INFORMATION »
************

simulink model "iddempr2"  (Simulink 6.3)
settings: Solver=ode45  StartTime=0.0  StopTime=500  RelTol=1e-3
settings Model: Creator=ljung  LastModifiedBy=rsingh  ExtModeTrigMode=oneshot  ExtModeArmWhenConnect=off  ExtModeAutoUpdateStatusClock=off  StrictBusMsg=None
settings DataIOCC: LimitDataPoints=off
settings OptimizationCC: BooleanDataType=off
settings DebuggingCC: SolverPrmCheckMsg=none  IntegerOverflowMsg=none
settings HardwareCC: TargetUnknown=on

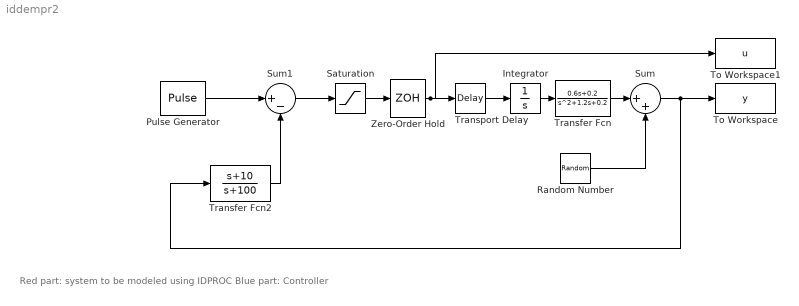
== system iddempr2 ==
  note: Red part: system to be modeled using IDPROC
      | Blue part: Controller
  Integrator : Integrator
  Pulse Generator : DiscretePulseGenerator  Period=200  PulseWidth=50
  Random Number : RandomNumber  Variance=0.1  SampleTime=1
  Saturation : Saturate
  Sum : Sum  Inputs=|++  SaturateOnIntegerOverflow=on  InputSameDT=on
  Sum1 : Sum  Inputs=|+-  SaturateOnIntegerOverflow=on  InputSameDT=on
  To Workspace : ToWorkspace  VariableName=y  SampleTime=1  SaveFormat=Array
  To Workspace1 : ToWorkspace  VariableName=u  SampleTime=1  SaveFormat=Array
  Transfer Fcn : TransferFcn  Numerator=[0.6 0.2]  Denominator="[1 1.2  0.2]"
  Transfer Fcn2 : TransferFcn  Numerator=[1 10]  Denominator=[1 100]
  Transport Delay : TransportDelay  DelayTime=2.2
  Zero-Order Hold : ZeroOrderHold
  wires:
  Transfer Fcn/1 -> Sum/1
  Random Number/1 -> Sum/2
  Sum/1 -> To Workspace/1, Transfer Fcn2/1
  Zero-Order Hold/1 -> To Workspace1/1, Transport Delay/1
  Transport Delay/1 -> Integrator/1
  Integrator/1 -> Transfer Fcn/1
  Sum1/1 -> Saturation/1
  Saturation/1 -> Zero-Order Hold/1
  Transfer Fcn2/1 -> Sum1/2
  Pulse Generator/1 -> Sum1/1
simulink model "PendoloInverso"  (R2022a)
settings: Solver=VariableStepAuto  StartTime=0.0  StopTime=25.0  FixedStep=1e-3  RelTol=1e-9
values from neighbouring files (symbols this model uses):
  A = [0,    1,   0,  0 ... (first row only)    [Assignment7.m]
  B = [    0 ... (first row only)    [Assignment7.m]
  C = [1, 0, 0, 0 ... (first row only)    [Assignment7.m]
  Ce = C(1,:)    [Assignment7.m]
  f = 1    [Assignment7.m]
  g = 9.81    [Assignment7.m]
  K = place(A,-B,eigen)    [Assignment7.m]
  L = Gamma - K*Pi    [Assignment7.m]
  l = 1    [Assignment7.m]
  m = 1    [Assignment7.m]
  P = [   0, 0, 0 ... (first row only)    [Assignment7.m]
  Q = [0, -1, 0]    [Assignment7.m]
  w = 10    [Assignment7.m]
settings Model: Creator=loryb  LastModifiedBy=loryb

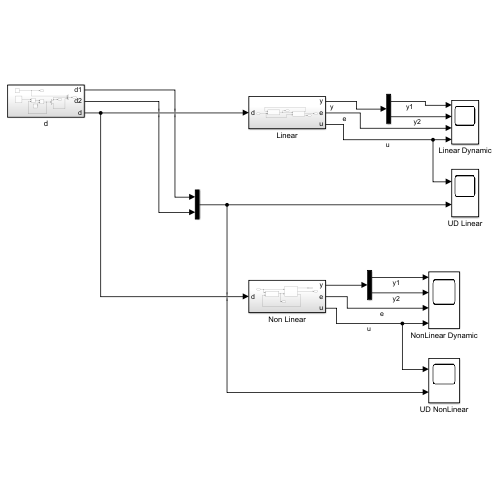
[thumbnail: Simulink's stored preview of the top-level diagram]
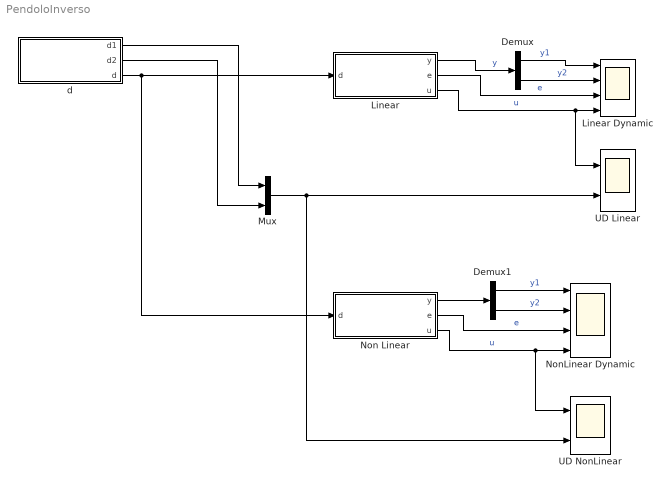
== system PendoloInverso ==
  Demux : Demux  Outputs=2
  Demux1 : Demux  Outputs=2
  Linear : Subsystem
  Linear Dynamic : Scope  NumInputPorts=4
  Mux : Mux  Inputs=2
  Non Linear : Subsystem
  NonLinear Dynamic : Scope  NumInputPorts=4
  UD Linear : Scope  NumInputPorts=2
  UD NonLinear : Scope  NumInputPorts=2
  d : Subsystem
  wires:
  d/3(d) -> Linear/1(d), Non Linear/1(d)
  Linear/1(y) -> Demux/1  "y"
  Demux/1 -> Linear Dynamic/1  "y1"
  Demux/2 -> Linear Dynamic/2  "y2"
  Linear/2(e) -> Linear Dynamic/3  "e"
  Linear/3(u) -> UD Linear/1, Linear Dynamic/4  "u"
  d/1(d1) -> Mux/1
  d/2(d2) -> Mux/2
  Mux/1 -> UD Linear/2, UD NonLinear/2
  Non Linear/1(y) -> Demux1/1
  Demux1/1 -> NonLinear Dynamic/1  "y1"
  Demux1/2 -> NonLinear Dynamic/2  "y2"
  Non Linear/2(e) -> NonLinear Dynamic/3  "e"
  Non Linear/3(u) -> UD NonLinear/1, NonLinear Dynamic/4  "u"

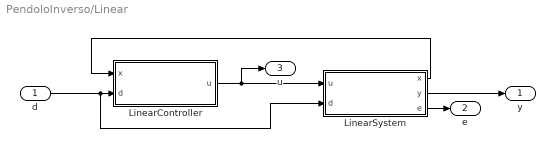
== system PendoloInverso/Linear ==
  d : Inport
  LinearController : Subsystem
  LinearSystem : Subsystem
  y : Outport
  e : Outport  Port=2
  u : Outport  Port=3
  wires:
  LinearSystem/1(x) -> LinearController/1(x)
  LinearSystem/2(y) -> y/1
  LinearSystem/3(e) -> e/1
  LinearController/1(u) -> LinearSystem/1(u), u/1
  d/1 -> LinearSystem/2(d), LinearController/2(d)

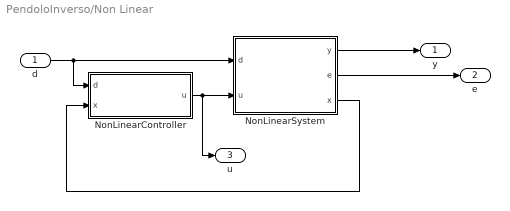
== system PendoloInverso/Non Linear ==
  d : Inport
  NonLinearController : Subsystem
  NonLinearSystem : Subsystem
  y : Outport
  e : Outport  Port=2
  u : Outport  Port=3
  wires:
  NonLinearSystem/1(y) -> y/1
  NonLinearSystem/2(e) -> e/1
  d/1 -> NonLinearController/1(d), NonLinearSystem/1(d)
  NonLinearController/1(u) -> NonLinearSystem/2(u), u/1
  NonLinearSystem/3(x) -> NonLinearController/2(x)

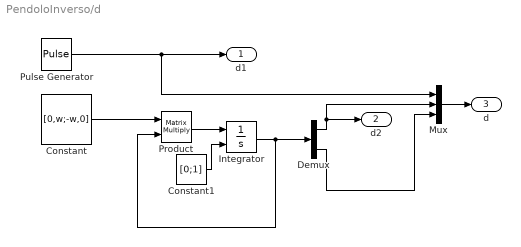
== system PendoloInverso/d ==
  Constant : Constant  Value=[0,w;-w,0]  VectorParams1D=off
  Constant1 : Constant  Value=[0;1]  VectorParams1D=off
  Demux : Demux  Outputs=2
  Integrator : Integrator  InitialConditionSource=external
  Mux : Mux  Inputs=3
  Product : Product  Multiplication=Matrix(*)
  Pulse Generator : DiscretePulseGenerator  PulseType=Time based  Amplitude=0.5  Period=50  PulseWidth=50
  d1 : Outport
  d2 : Outport  Port=2
  d : Outport  Port=3
  wires:
  Constant/1 -> Product/1
  Product/1 -> Integrator/1
  Constant1/1 -> Integrator/2
  Integrator/1 -> Demux/1, Product/2
  Demux/1 -> Mux/2, d2/1
  Demux/2 -> Mux/3
  Mux/1 -> d/1
  Pulse Generator/1 -> Mux/1, d1/1

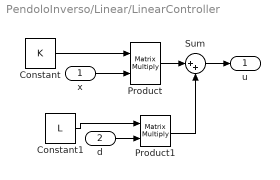
== system PendoloInverso/Linear/LinearController ==
  x : Inport
  d : Inport  Port=2
  Constant : Constant  Value=K  VectorParams1D=off
  Constant1 : Constant  Value=L  VectorParams1D=off
  Product : Product  Multiplication=Matrix(*)
  Product1 : Product  Multiplication=Matrix(*)
  Sum : Sum  Inputs=|++
  u : Outport
  wires:
  Constant/1 -> Product/1
  x/1 -> Product/2
  Constant1/1 -> Product1/1
  d/1 -> Product1/2
  Product/1 -> Sum/1
  Product1/1 -> Sum/2
  Sum/1 -> u/1

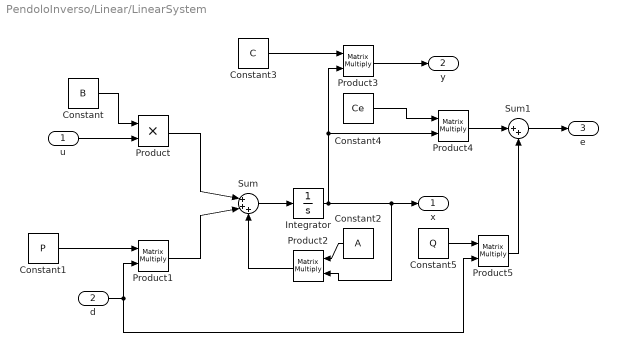
== system PendoloInverso/Linear/LinearSystem ==
  u : Inport
  d : Inport  Port=2
  Constant : Constant  Value=B  VectorParams1D=off
  Constant1 : Constant  Value=P  VectorParams1D=off
  Constant2 : Constant  Value=A  VectorParams1D=off
  Constant3 : Constant  Value=C  VectorParams1D=off
  Constant4 : Constant  Value=Ce  VectorParams1D=off
  Constant5 : Constant  Value=Q  VectorParams1D=off
  Integrator : Integrator  InitialCondition=[0;0;0;0]
  Product : Product
  Product{1..5} (5 alike) : Product  Multiplication=Matrix(*)
  Sum : Sum  Inputs=|+++
  Sum1 : Sum  Inputs=|++
  x : Outport
  y : Outport  Port=2
  e : Outport  Port=3
  wires:
  u/1 -> Product/2
  Constant/1 -> Product/1
  d/1 -> Product1/2, Product5/2
  Constant1/1 -> Product1/1
  Product/1 -> Sum/1
  Product1/1 -> Sum/2
  Sum/1 -> Integrator/1
  Product2/1 -> Sum/3
  Constant2/1 -> Product2/1
  Integrator/1 -> Product4/2, Product3/2, x/1, Product2/2
  Constant3/1 -> Product3/1
  Product3/1 -> y/1
  Constant4/1 -> Product4/1
  Product4/1 -> Sum1/1
  Constant5/1 -> Product5/1
  Product5/1 -> Sum1/2
  Sum1/1 -> e/1

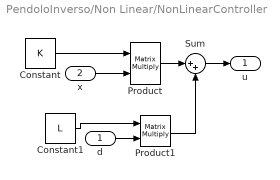
== system PendoloInverso/Non Linear/NonLinearController ==
  d : Inport
  x : Inport  Port=2
  Constant : Constant  Value=K  VectorParams1D=off
  Constant1 : Constant  Value=L  VectorParams1D=off
  Product : Product  Multiplication=Matrix(*)
  Product1 : Product  Multiplication=Matrix(*)
  Sum : Sum  Inputs=|++
  u : Outport
  wires:
  x/1 -> Product/2
  Sum/1 -> u/1
  Constant/1 -> Product/1
  d/1 -> Product1/2
  Product1/1 -> Sum/2
  Constant1/1 -> Product1/1
  Product/1 -> Sum/1

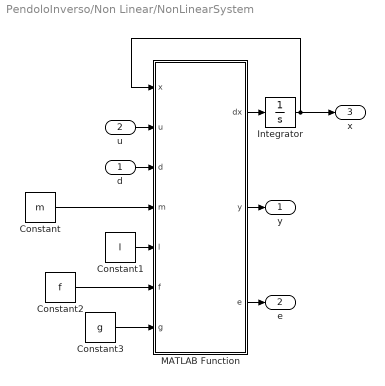
== system PendoloInverso/Non Linear/NonLinearSystem ==
  d : Inport
  u : Inport  Port=2
  Constant : Constant  Value=m
  Constant1 : Constant  Value=l
  Constant2 : Constant  Value=f
  Constant3 : Constant  Value=g
  Integrator : Integrator  InitialCondition=[0;0;0;0]
  MATLAB Function : MATLAB Function  TreatAsAtomicUnit=on
  y : Outport
  e : Outport  Port=2
  x : Outport  Port=3
  wires:
  MATLAB Function/1(dx) -> Integrator/1
  Integrator/1 -> MATLAB Function/1(x), x/1
  MATLAB Function/2(y) -> y/1
  MATLAB Function/3(e) -> e/1
  d/1 -> MATLAB Function/3(d)
  u/1 -> MATLAB Function/2(u)
  Constant/1 -> MATLAB Function/4(m)
  Constant1/1 -> MATLAB Function/5(l)
  Constant2/1 -> MATLAB Function/6(f)
  Constant3/1 -> MATLAB Function/7(g)

== matlab function PendoloInverso/Non Linear/NonLinearSystem/MATLAB Function ==
  data: x input; dx output size=4; u input; y output; d input; m input; l input; f input; g input; e output
function [dx, y, e] = fcn(x,u,d, m,l,f,g)
    dx = zeros(4,1);
    dx(1) = x(2);
    dx(2) = (-f*x(2) + u + d(1)) / m;
    dx(3) = x(4);
    dx(4) = (g*sin(x(3)) - dx(2)*cos(x(3))) / l;
    
    y = zeros(2,1);
    y(1) = x(1);
    y(2) = x(3);

    e = x(1) - d(2);
end

************

TASK REQUIREMENTS »
Within the listing above, locate the line containing "MATLAB Function : MATLAB" and the line containing "matlab function PendoloInverso/Non". Reproduce those two lines and all lines between them exactly, with nothing added.

RESPONSE AREA »
  MATLAB Function : MATLAB Function  TreatAsAtomicUnit=on
  y : Outport
  e : Outport  Port=2
  x : Outport  Port=3
  wires:
  MATLAB Function/1(dx) -> Integrator/1
  Integrator/1 -> MATLAB Function/1(x), x/1
  MATLAB Function/2(y) -> y/1
  MATLAB Function/3(e) -> e/1
  d/1 -> MATLAB Function/3(d)
  u/1 -> MATLAB Function/2(u)
  Constant/1 -> MATLAB Function/4(m)
  Constant1/1 -> MATLAB Function/5(l)
  Constant2/1 -> MATLAB Function/6(f)
  Constant3/1 -> MATLAB Function/7(g)

== matlab function PendoloInverso/Non Linear/NonLinearSystem/MATLAB Function ==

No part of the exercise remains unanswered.